A Really Cool Arcsecant Calculator and Useful Information! Please ReTweet. Click To TweetApart from the inverse of sec -sqrt2, similar trigonometric calculations include:

The identities of arcsecant -sqrt2 are as follows: arcsec(-sqrt2) =

  • $\frac{\pi}{2}$ – arccsc(-sqrt2) ⇔ 90°- arccsc(-sqrt2)
  • $\pi$ – arcsec(sqrt2) ⇔ 180° – arcsec(sqrt2)
  • arccos($\frac{1}{-\sqrt{2}}$)

The infinite series of arcsec -sqrt2 is: $\frac{\pi}{2} – \sum_{n=0}^{\infty}\frac{\binom{2n}{n}(-\sqrt{2})^{-(2n+1)}}{4^{n}(2n+1)}$.

Next, we discuss the derivative of arcsec -sqrt2 for -sqrt2 = -sqrt2. In the following paragraph you can additionally learn what the search calculations form in the sidebar is used for.

Derivative of arcsec -sqrt2

The derivative of arcsec -sqrt2 is particularly useful to calculate the inverse secant -sqrt2 as an integral.

The formula for x is (arcsec x)’ = $\frac{1}{|x|\sqrt{x^{2}-1}}$, |x| > 1, so for x = -sqrt2 the derivative equals 0.7071067812.

Using the arcsec -sqrt2 derivative, we can calculate the angle as a definite integral:

arcsec -sqrt2 = $\int_{1}^{-\sqrt{2}}\frac{1}{z\sqrt{z^{2}-1}}dz$.

The relationship of arcsec of -sqrt2 and the trigonometric functions sin, cos and tan is:

  • sin(arcsecant(-sqrt2)) = $\frac{\sqrt{(-\sqrt{2})^{2}-1}}{-\sqrt{2}}$
  • cos(arcsecant(-sqrt2)) = $\frac{1}{-\sqrt{2}}$
  • tan(arcsecant(-sqrt2)) = $\sqrt{(-\sqrt{2})^{2}-1}$

Note that you can locate many terms including the arcsecant(-sqrt2) value using the search form. On mobile devices you can find it by scrolling down. Enter, for instance, arcsec-sqrt2 angle.

Using the aforementioned form in the same way, you can also look up terms including derivative of inverse secant -sqrt2, inverse secant -sqrt2, and derivative of arcsec -sqrt2, just to name a few.

In the next part of this article we discuss the trigonometric significance of arcsecant -sqrt2, and there we also explain the difference between the inverse and the reciprocal of sec -sqrt2.

What is arcsec -sqrt2?

In a triangle which has one angle of 90 degrees, the cosine of the angle α is the ratio of the length of the adjacent side a to the length of the hypotenuse h: cos α = a/h.

In a circle with the radius r, the horizontal axis x, and the vertical axis y, α is the angle formed by the two sides x and r; r moving counterclockwise defines the positive angle.

As follows from the unit-circle definition on our homepage, assumed r = 1, in the intersection of the point (x,y) and the circle, cos α = x / r = x, and sec α = 1 / x = -sqrt2. The angle whose secant value equals -sqrt2 is α.
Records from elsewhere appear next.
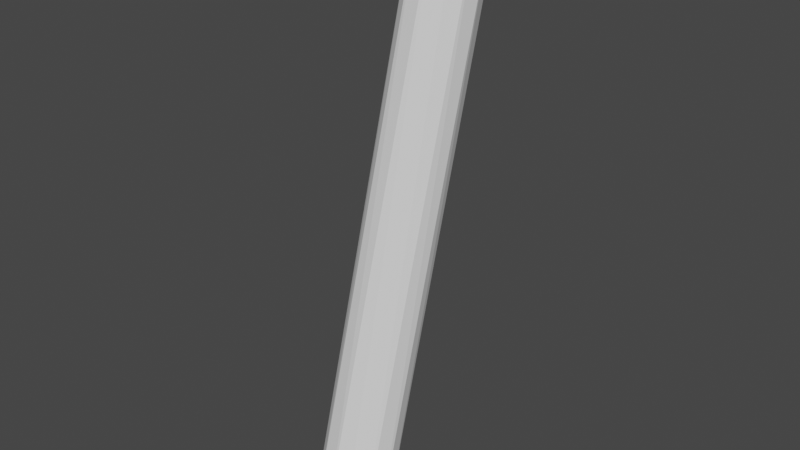 # Source: h_larm.blend  (saved by Blender 2.80.74; exported with 4.5.12 LTS)
import bpy
from mathutils import Matrix  # noqa: F401  (used for matrix-valued properties, if any)

bpy.ops.wm.read_factory_settings(use_empty=True)
scene = bpy.context.scene
scene.name = 'Scene'

# ---- collections
col_collection = bpy.data.collections.new('Collection'); scene.collection.children.link(col_collection)

# ---- world
world_world = bpy.data.worlds.new('World'); scene.world = world_world
world_world.use_nodes = True; world_world.node_tree.nodes.clear()
_N = world_world.node_tree.nodes; _L = world_world.node_tree.links
n0 = _N.new('ShaderNodeOutputWorld'); n0.name = 'World Output'; n0.location = (300, 300)
n1 = _N.new('ShaderNodeBackground'); n1.name = 'Background'; n1.location = (10, 300)
n1.inputs[0].default_value = (0.05088, 0.05088, 0.05088, 1.0)
_L.new(n1.outputs[0], n0.inputs[0])
n0.is_active_output = True
world_world.color = (0.05088, 0.05088, 0.05088)
world_world.use_sun_shadow = False
world_world.sun_shadow_jitter_overblur = 0.0

# ---- meshes
me_cylinder_002 = bpy.data.meshes.new('Cylinder.002')
me_cylinder_002.from_pydata([(-0.008484, 2.465, 2.454), (-0.04209, 2.917, 3.995), (0.04175, 2.451, 2.452), (0.009519, 2.909, 3.998), (0.07827, 2.413, 2.452), (0.05019, 2.878, 4.008), (0.09131, 2.363, 2.454), (0.06904, 2.831, 4.022), (0.07737, 2.313, 2.458), (0.061, 2.782, 4.036), (0.04018, 2.276, 2.462), (0.02824, 2.743, 4.048), (-0.0103, 2.263, 2.466), (-0.02047, 2.725, 4.053), (-0.06053, 2.278, 2.468), (-0.07207, 2.732, 4.05), (-0.09705, 2.315, 2.468), (-0.1127, 2.764, 4.04), (-0.1101, 2.365, 2.466), (-0.1316, 2.81, 4.026), (-0.09615, 2.416, 2.462), (-0.1236, 2.86, 4.012), (-0.05896, 2.452, 2.458), (-0.09079, 2.899, 4.0)], [], [(0, 1, 3, 2), (2, 3, 5, 4), (4, 5, 7, 6), (6, 7, 9, 8), (8, 9, 11, 10), (10, 11, 13, 12), (12, 13, 15, 14), (14, 15, 17, 16), (16, 17, 19, 18), (18, 19, 21, 20), (3, 1, 23, 21, 19, 17, 15, 13, 11, 9, 7, 5), (20, 21, 23, 22), (22, 23, 1, 0), (0, 2, 4, 6, 8, 10, 12, 14, 16, 18, 20, 22)])
_uv = me_cylinder_002.uv_layers.new(name='UVMap')
_uv.uv.foreach_set('vector', [1.0, 0.5, 1.0, 1.0, 0.9167, 1.0, 0.9167, 0.5, 0.9167, 0.5, 0.9167, 1.0, 0.8333, 1.0, 0.8333, 0.5, 0.8333, 0.5, 0.8333, 1.0, 0.75, 1.0, 0.75, 0.5, 0.75, 0.5, 0.75, 1.0, 0.6667, 1.0, 0.6667, 0.5, 0.6667, 0.5, 0.6667, 1.0, 0.5833, 1.0, 0.5833, 0.5, 0.5833, 0.5, 0.5833, 1.0, 0.5, 1.0, 0.5, 0.5, 0.5, 0.5, 0.5, 1.0, 0.4167, 1.0, 0.4167, 0.5, 0.4167, 0.5, 0.4167, 1.0, 0.3333, 1.0, 0.3333, 0.5, 0.3333, 0.5, 0.3333, 1.0, 0.25, 1.0, 0.25, 0.5, 0.25, 0.5, 0.25, 1.0, 0.1667, 1.0, 0.1667, 0.5, 0.37, 0.4578, 0.25, 0.49, 0.13, 0.4578, 0.04215, 0.37, 0.01, 0.25, 0.04215, 0.13, 0.13, 0.04215, 0.25, 0.01, 0.37, 0.04215, 0.4578, 0.13, 0.49, 0.25, 0.4578, 0.37, 0.1667, 0.5, 0.1667, 1.0, 0.08333, 1.0, 0.08333, 0.5, 0.08333, 0.5, 0.08333, 1.0, 7.451e-08, 1.0, 7.451e-08, 0.5, 0.75, 0.49, 0.87, 0.4578, 0.9578, 0.37, 0.99, 0.25, 0.9578, 0.13, 0.87, 0.04215, 0.75, 0.01, 0.63, 0.04215, 0.5422, 0.13, 0.51, 0.25, 0.5422, 0.37, 0.63, 0.4578])
me_cylinder_002.use_remesh_preserve_volume = False
me_cylinder_002.use_remesh_preserve_attributes = False
me_cylinder_002.use_mirror_vertex_groups = False
me_cylinder_002.update()

# ---- objects
ob_larm = bpy.data.objects.new('larm', me_cylinder_002)

# ---- transforms, parenting, visibility, modifiers, constraints
ob_larm.location = (0.0, 0.0, 0.0)
ob_larm.lineart.crease_threshold = 0.0

# ---- collection membership
col_collection.objects.link(ob_larm)

# ---- scene / render settings (as saved in the file)
scene.frame_start = 1; scene.frame_end = 250; scene.frame_set(1)
scene.render.engine = 'BLENDER_EEVEE_NEXT'
scene.cycles.use_denoising = False
scene.cycles.samples = 128
scene.cycles.sampling_pattern = 'TABULATED_SOBOL'
scene.cycles.use_adaptive_sampling = False
scene.cycles.use_light_tree = False
scene.view_settings.view_transform = 'Filmic'
bpy.context.view_layer.update()

# ---- added for rendering (the .blend has no active camera and no usable light): camera, sun
cam_auto = bpy.data.cameras.new('AutoCamera')
cam_auto.lens = 50.0
cam_auto.sensor_width = 36.0
cam_auto.clip_end = 1000.0
ob_auto_camera = bpy.data.objects.new('AutoCamera', cam_auto)
scene.collection.objects.link(ob_auto_camera)
ob_auto_camera.location = (1.59317, 0.654198, 4.54292)
ob_auto_camera.rotation_euler = (1.09748, -7.21219e-08, 0.694738)
scene.camera = ob_auto_camera
light_auto_sun = bpy.data.lights.new('AutoSun', 'SUN')
light_auto_sun.energy = 3.0
light_auto_sun.angle = 0.0523599
ob_auto_sun = bpy.data.objects.new('AutoSun', light_auto_sun)
scene.collection.objects.link(ob_auto_sun)
ob_auto_sun.rotation_euler = (0.872665, 0.174533, 0.523599)
bpy.context.view_layer.update()
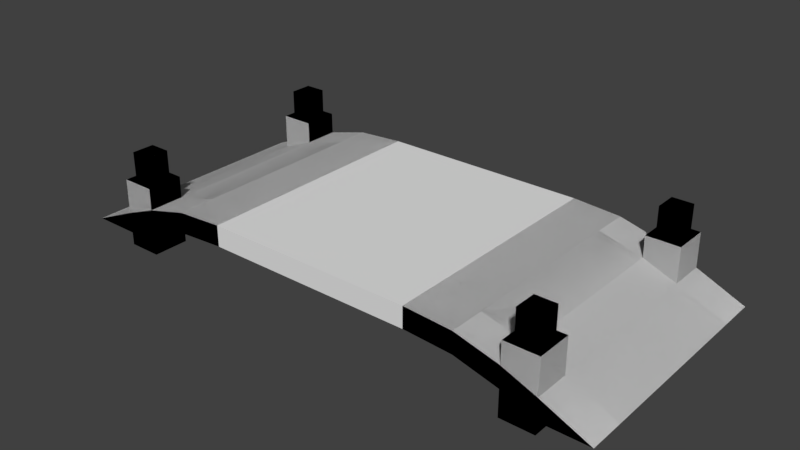 # Source: Bridge.blend  (saved by Blender 2.78.0; exported with 4.5.12 LTS)
import bpy
from mathutils import Matrix  # noqa: F401  (used for matrix-valued properties, if any)

bpy.ops.wm.read_factory_settings(use_empty=True)
scene = bpy.context.scene
scene.name = 'Scene'

# ---- collections
col_collection_1 = bpy.data.collections.new('Collection 1'); scene.collection.children.link(col_collection_1)

# ---- materials (node trees are filled in below, after node groups)
mat_material = bpy.data.materials.new('Material')
mat_material.alpha_threshold = 0.0
mat_material.use_transparent_shadow = False
mat_material.roughness = 0.5
mat_material.line_color = (0.0, 0.0, 0.0, 1.0)

# ---- material node trees

# ---- world
world_world = bpy.data.worlds.new('World'); scene.world = world_world
world_world.color = (0.05088, 0.05088, 0.05088)
world_world.use_sun_shadow = False
world_world.sun_shadow_jitter_overblur = 0.0
world_world.cycles.sampling_method = 'MANUAL'

# ---- meshes
me_cube = bpy.data.meshes.new('Cube')
me_cube.from_pydata([(-21.95, -11.73, -1.0), (-26.5, -11.73, -1.002), (-21.95, -11.73, 1.0), (-18.76, -11.73, 0.2654), (-18.76, -11.73, 2.265), (-14.61, -11.73, 1.35), (-14.61, -11.73, 3.35), (-10.01, -11.73, 1.639), (-10.01, -11.73, 3.639), (-21.95, -8.292, -1.0), (-21.95, -8.292, 1.0), (-18.76, -8.292, 0.2654), (-18.76, -8.292, 2.265), (-14.61, -8.292, 1.35), (-14.61, -8.292, 3.35), (-10.01, -8.292, 1.639), (-10.01, -8.292, 3.639), (-26.5, -8.292, -1.002), (-21.94, -8.268, 4.308), (-21.94, -11.7, 4.308), (-18.76, -8.268, 4.308), (-18.76, -11.7, 4.308), (-21.35, -8.907, 4.308), (-21.35, -11.06, 4.308), (-19.35, -8.907, 4.308), (-19.35, -11.06, 4.308), (-21.35, -8.907, 6.898), (-21.35, -11.06, 6.898), (-19.35, -8.907, 6.898), (-19.35, -11.06, 6.898), (-21.95, -8.292, -2.2), (-21.95, -11.73, -2.2), (-18.76, -8.292, -2.2), (-18.76, -11.73, -2.2), (21.95, -11.73, -1.0), (26.5, -11.73, -1.002), (21.95, -11.73, 1.0), (18.76, -11.73, 0.2654), (18.76, -11.73, 2.265), (14.61, -11.73, 1.35), (14.61, -11.73, 3.35), (10.01, -11.73, 1.639), (10.01, -11.73, 3.639), (21.95, -8.292, -1.0), (21.95, -8.292, 1.0), (18.76, -8.292, 0.2654), (18.76, -8.292, 2.265), (14.61, -8.292, 1.35), (14.61, -8.292, 3.35), (10.01, -8.292, 1.639), (10.01, -8.292, 3.639), (26.5, -8.292, -1.002), (21.94, -8.268, 4.308), (21.94, -11.7, 4.308), (18.76, -8.268, 4.308), (18.76, -11.7, 4.308), (21.35, -8.907, 4.308), (21.35, -11.06, 4.308), (19.35, -8.907, 4.308), (19.35, -11.06, 4.308), (21.35, -8.907, 6.898), (21.35, -11.06, 6.898), (19.35, -8.907, 6.898), (19.35, -11.06, 6.898), (21.95, -8.292, -2.2), (21.95, -11.73, -2.2), (18.76, -8.292, -2.2), (18.76, -11.73, -2.2), (21.95, -11.73, -1.0), (26.5, -11.73, -1.002), (21.95, -11.73, 1.0), (18.76, -11.73, 0.2654), (18.76, -11.73, 2.265), (14.61, -11.73, 1.35), (14.61, -11.73, 3.35), (10.01, -11.73, 1.639), (10.01, -11.73, 3.639), (21.95, -8.292, -1.0), (21.95, -8.292, 1.0), (18.76, -8.292, 0.2654), (18.76, -8.292, 2.265), (14.61, -8.292, 1.35), (14.61, -8.292, 3.35), (10.01, -8.292, 1.639), (10.01, -8.292, 3.639), (26.5, -8.292, -1.002), (21.94, -8.268, 4.308), (21.94, -11.7, 4.308), (18.76, -8.268, 4.308), (18.76, -11.7, 4.308), (21.35, -8.907, 4.308), (21.35, -11.06, 4.308), (19.35, -8.907, 4.308), (19.35, -11.06, 4.308), (21.35, -8.907, 6.898), (21.35, -11.06, 6.898), (19.35, -8.907, 6.898), (19.35, -11.06, 6.898), (21.95, -8.292, -2.2), (21.95, -11.73, -2.2), (18.76, -8.292, -2.2), (18.76, -11.73, -2.2), (-21.95, -11.73, -1.0), (-26.5, -11.73, -1.002), (-21.95, -11.73, 1.0), (-18.76, -11.73, 0.2654), (-18.76, -11.73, 2.265), (-14.61, -11.73, 1.35), (-14.61, -11.73, 3.35), (-10.01, -11.73, 1.639), (-10.01, -11.73, 3.639), (-21.95, -8.292, -1.0), (-21.95, -8.292, 1.0), (-18.76, -8.292, 0.2654), (-18.76, -8.292, 2.265), (-14.61, -8.292, 1.35), (-14.61, -8.292, 3.35), (-10.01, -8.292, 1.639), (-10.01, -8.292, 3.639), (-26.5, -8.292, -1.002), (-21.94, -8.268, 4.308), (-21.94, -11.7, 4.308), (-18.76, -8.268, 4.308), (-18.76, -11.7, 4.308), (-21.35, -8.907, 4.308), (-21.35, -11.06, 4.308), (-19.35, -8.907, 4.308), (-19.35, -11.06, 4.308), (-21.35, -8.907, 6.898), (-21.35, -11.06, 6.898), (-19.35, -8.907, 6.898), (-19.35, -11.06, 6.898), (-21.95, -8.292, -2.2), (-21.95, -11.73, -2.2), (-18.76, -8.292, -2.2), (-18.76, -11.73, -2.2), (-21.95, 11.73, -1.0), (-26.5, 11.73, -1.002), (-21.95, 11.73, 1.0), (-18.76, 11.73, 0.2654), (-18.76, 11.73, 2.265), (-14.61, 11.73, 1.35), (-14.61, 11.73, 3.35), (-10.01, 11.73, 1.639), (-10.01, 11.73, 3.639), (-21.95, 0.0, -1.0), (-26.5, 0.0, -1.002), (-21.95, 0.0, 1.0), (-18.76, 0.0, 0.2654), (-18.76, 0.0, 2.265), (-14.61, 0.0, 1.35), (-14.61, 0.0, 3.35), (-10.01, 0.0, 1.639), (-10.01, 0.0, 3.639), (-21.95, 8.292, -1.0), (-21.95, 8.292, 1.0), (-18.76, 8.292, 0.2654), (-18.76, 8.292, 2.265), (-14.61, 8.292, 1.35), (-14.61, 8.292, 3.35), (-10.01, 8.292, 1.639), (-10.01, 8.292, 3.639), (-26.5, 8.292, -1.002), (-21.94, 8.268, 4.308), (-21.94, 11.7, 4.308), (-18.76, 8.268, 4.308), (-18.76, 11.7, 4.308), (-21.35, 8.907, 4.308), (-21.35, 11.06, 4.308), (-19.35, 8.907, 4.308), (-19.35, 11.06, 4.308), (-21.35, 8.907, 6.898), (-21.35, 11.06, 6.898), (-19.35, 8.907, 6.898), (-19.35, 11.06, 6.898), (-21.95, 8.292, -2.2), (-21.95, 11.73, -2.2), (-18.76, 8.292, -2.2), (-18.76, 11.73, -2.2), (21.95, 11.73, -1.0), (26.5, 11.73, -1.002), (21.95, 11.73, 1.0), (18.76, 11.73, 0.2654), (18.76, 11.73, 2.265), (14.61, 11.73, 1.35), (14.61, 11.73, 3.35), (10.01, 11.73, 1.639), (10.01, 11.73, 3.639), (21.95, 0.0, -1.0), (26.5, 0.0, -1.002), (21.95, 0.0, 1.0), (18.76, 0.0, 0.2654), (18.76, 0.0, 2.265), (14.61, 0.0, 1.35), (14.61, 0.0, 3.35), (10.01, 0.0, 1.639), (10.01, 0.0, 3.639), (21.95, 8.292, -1.0), (21.95, 8.292, 1.0), (18.76, 8.292, 0.2654), (18.76, 8.292, 2.265), (14.61, 8.292, 1.35), (14.61, 8.292, 3.35), (10.01, 8.292, 1.639), (10.01, 8.292, 3.639), (26.5, 8.292, -1.002), (21.94, 8.268, 4.308), (21.94, 11.7, 4.308), (18.76, 8.268, 4.308), (18.76, 11.7, 4.308), (21.35, 8.907, 4.308), (21.35, 11.06, 4.308), (19.35, 8.907, 4.308), (19.35, 11.06, 4.308), (21.35, 8.907, 6.898), (21.35, 11.06, 6.898), (19.35, 8.907, 6.898), (19.35, 11.06, 6.898), (21.95, 8.292, -2.2), (21.95, 11.73, -2.2), (18.76, 8.292, -2.2), (18.76, 11.73, -2.2), (21.95, 11.73, -1.0), (26.5, 11.73, -1.002), (21.95, 11.73, 1.0), (18.76, 11.73, 0.2654), (18.76, 11.73, 2.265), (14.61, 11.73, 1.35), (14.61, 11.73, 3.35), (10.01, 11.73, 1.639), (10.01, 11.73, 3.639), (21.95, 0.0, -1.0), (26.5, 0.0, -1.002), (21.95, 0.0, 1.0), (18.76, 0.0, 0.2654), (18.76, 0.0, 2.265), (14.61, 0.0, 1.35), (14.61, 0.0, 3.35), (10.01, 0.0, 1.639), (10.01, 0.0, 3.639), (21.95, 8.292, -1.0), (21.95, 8.292, 1.0), (18.76, 8.292, 0.2654), (18.76, 8.292, 2.265), (14.61, 8.292, 1.35), (14.61, 8.292, 3.35), (10.01, 8.292, 1.639), (10.01, 8.292, 3.639), (26.5, 8.292, -1.002), (21.94, 8.268, 4.308), (21.94, 11.7, 4.308), (18.76, 8.268, 4.308), (18.76, 11.7, 4.308), (21.35, 8.907, 4.308), (21.35, 11.06, 4.308), (19.35, 8.907, 4.308), (19.35, 11.06, 4.308), (21.35, 8.907, 6.898), (21.35, 11.06, 6.898), (19.35, 8.907, 6.898), (19.35, 11.06, 6.898), (21.95, 8.292, -2.2), (21.95, 11.73, -2.2), (18.76, 8.292, -2.2), (18.76, 11.73, -2.2), (-21.95, 11.73, -1.0), (-26.5, 11.73, -1.002), (-21.95, 11.73, 1.0), (-18.76, 11.73, 0.2654), (-18.76, 11.73, 2.265), (-14.61, 11.73, 1.35), (-14.61, 11.73, 3.35), (-10.01, 11.73, 1.639), (-10.01, 11.73, 3.639), (-21.95, 0.0, -1.0), (-26.5, 0.0, -1.002), (-21.95, 0.0, 1.0), (-18.76, 0.0, 0.2654), (-18.76, 0.0, 2.265), (-14.61, 0.0, 1.35), (-14.61, 0.0, 3.35), (-10.01, 0.0, 1.639), (-10.01, 0.0, 3.639), (-21.95, 8.292, -1.0), (-21.95, 8.292, 1.0), (-18.76, 8.292, 0.2654), (-18.76, 8.292, 2.265), (-14.61, 8.292, 1.35), (-14.61, 8.292, 3.35), (-10.01, 8.292, 1.639), (-10.01, 8.292, 3.639), (-26.5, 8.292, -1.002), (-21.94, 8.268, 4.308), (-21.94, 11.7, 4.308), (-18.76, 8.268, 4.308), (-18.76, 11.7, 4.308), (-21.35, 8.907, 4.308), (-21.35, 11.06, 4.308), (-19.35, 8.907, 4.308), (-19.35, 11.06, 4.308), (-21.35, 8.907, 6.898), (-21.35, 11.06, 6.898), (-19.35, 8.907, 6.898), (-19.35, 11.06, 6.898), (-21.95, 8.292, -2.2), (-21.95, 11.73, -2.2), (-18.76, 8.292, -2.2), (-18.76, 11.73, -2.2)], [], [(9, 0, 1, 17), (10, 17, 1, 2), (0, 2, 1), (12, 4, 6, 14), (2, 0, 3, 4), (4, 3, 5, 6), (15, 16, 8, 7), (6, 5, 7, 8), (14, 6, 8, 16), (13, 150, 152, 15), (11, 148, 150, 13), (9, 145, 148, 11), (11, 3, 33, 32), (3, 11, 13, 5), (5, 13, 15, 7), (151, 14, 16, 153), (152, 153, 16, 15), (149, 12, 14, 151), (147, 10, 12, 149), (147, 146, 17, 10), (145, 9, 17, 146), (20, 18, 22, 24), (4, 12, 20, 21), (10, 2, 19, 18), (2, 4, 21, 19), (12, 10, 18, 20), (23, 25, 29, 27), (21, 20, 24, 25), (19, 21, 25, 23), (18, 19, 23, 22), (26, 27, 29, 28), (22, 23, 27, 26), (24, 22, 26, 28), (25, 24, 28, 29), (31, 30, 32, 33), (9, 11, 32, 30), (0, 9, 30, 31), (3, 0, 31, 33), (43, 51, 35, 34), (44, 36, 35, 51), (34, 35, 36), (46, 48, 40, 38), (36, 38, 37, 34), (38, 40, 39, 37), (49, 41, 42, 50), (40, 42, 41, 39), (48, 50, 42, 40), (47, 49, 195, 193), (45, 47, 193, 191), (43, 45, 191, 188), (45, 66, 67, 37), (37, 39, 47, 45), (39, 41, 49, 47), (194, 196, 50, 48), (195, 49, 50, 196), (192, 194, 48, 46), (190, 192, 46, 44), (190, 44, 51, 189), (188, 189, 51, 43), (54, 58, 56, 52), (38, 55, 54, 46), (44, 52, 53, 36), (36, 53, 55, 38), (46, 54, 52, 44), (57, 61, 63, 59), (55, 59, 58, 54), (53, 57, 59, 55), (52, 56, 57, 53), (60, 62, 63, 61), (56, 60, 61, 57), (58, 62, 60, 56), (59, 63, 62, 58), (65, 67, 66, 64), (43, 64, 66, 45), (34, 65, 64, 43), (37, 67, 65, 34), (77, 85, 69, 68), (78, 70, 69, 85), (68, 69, 70), (80, 82, 74, 72), (70, 72, 71, 68), (72, 74, 73, 71), (84, 118, 110, 76), (74, 76, 75, 73), (82, 84, 76, 74), (81, 83, 238, 236), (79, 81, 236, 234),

In the interval [0, pi/2[ ∪ ]pi/2, pi] or [0°, 90°[ ∪ ]90°, 180°], there is only one α whose secant value equals -sqrt2. For that interval we define the function which determines the value of α as

y = arcsec(-sqrt2).

Share on Facebook

From the definition of arcsec(-sqrt2) follows that the inverse function y-1 = sec(y) = -sqrt2. Observe that the reciprocal function of sec(y),(sec(y))-1 is 1/sec(y) = cos(y).

Avoid misconceptions and remember (sec(y))-1 = 1/sec(y) ≠ sec-1(y) = arcsec(-sqrt2). And make sure to understand that the trigonometric function y=arcsec(x) is defined on a restricted domain, where it evaluates to a single value only, called the principal value:

In order to be injective, also known as one-to-one function, y = arcsec(x) if and only if sec y = x and 0 ≤ y < pi/2 or sec y = x and pi/2 < y ≤ pi. The domain of x is x ≤ −1 or 1 ≤ x.


Arcsec -sqrt2The frequently asked questions in the context include what is arcsec -sqrt2 degrees and what is the inverse secant -sqrt2 for example; reading our content they are no-brainers.

But, if there is something else about the topic you would like to know, fill in the form on the bottom of this post, or send us an email with a subject line such as arcsecant -sqrt2 in radians.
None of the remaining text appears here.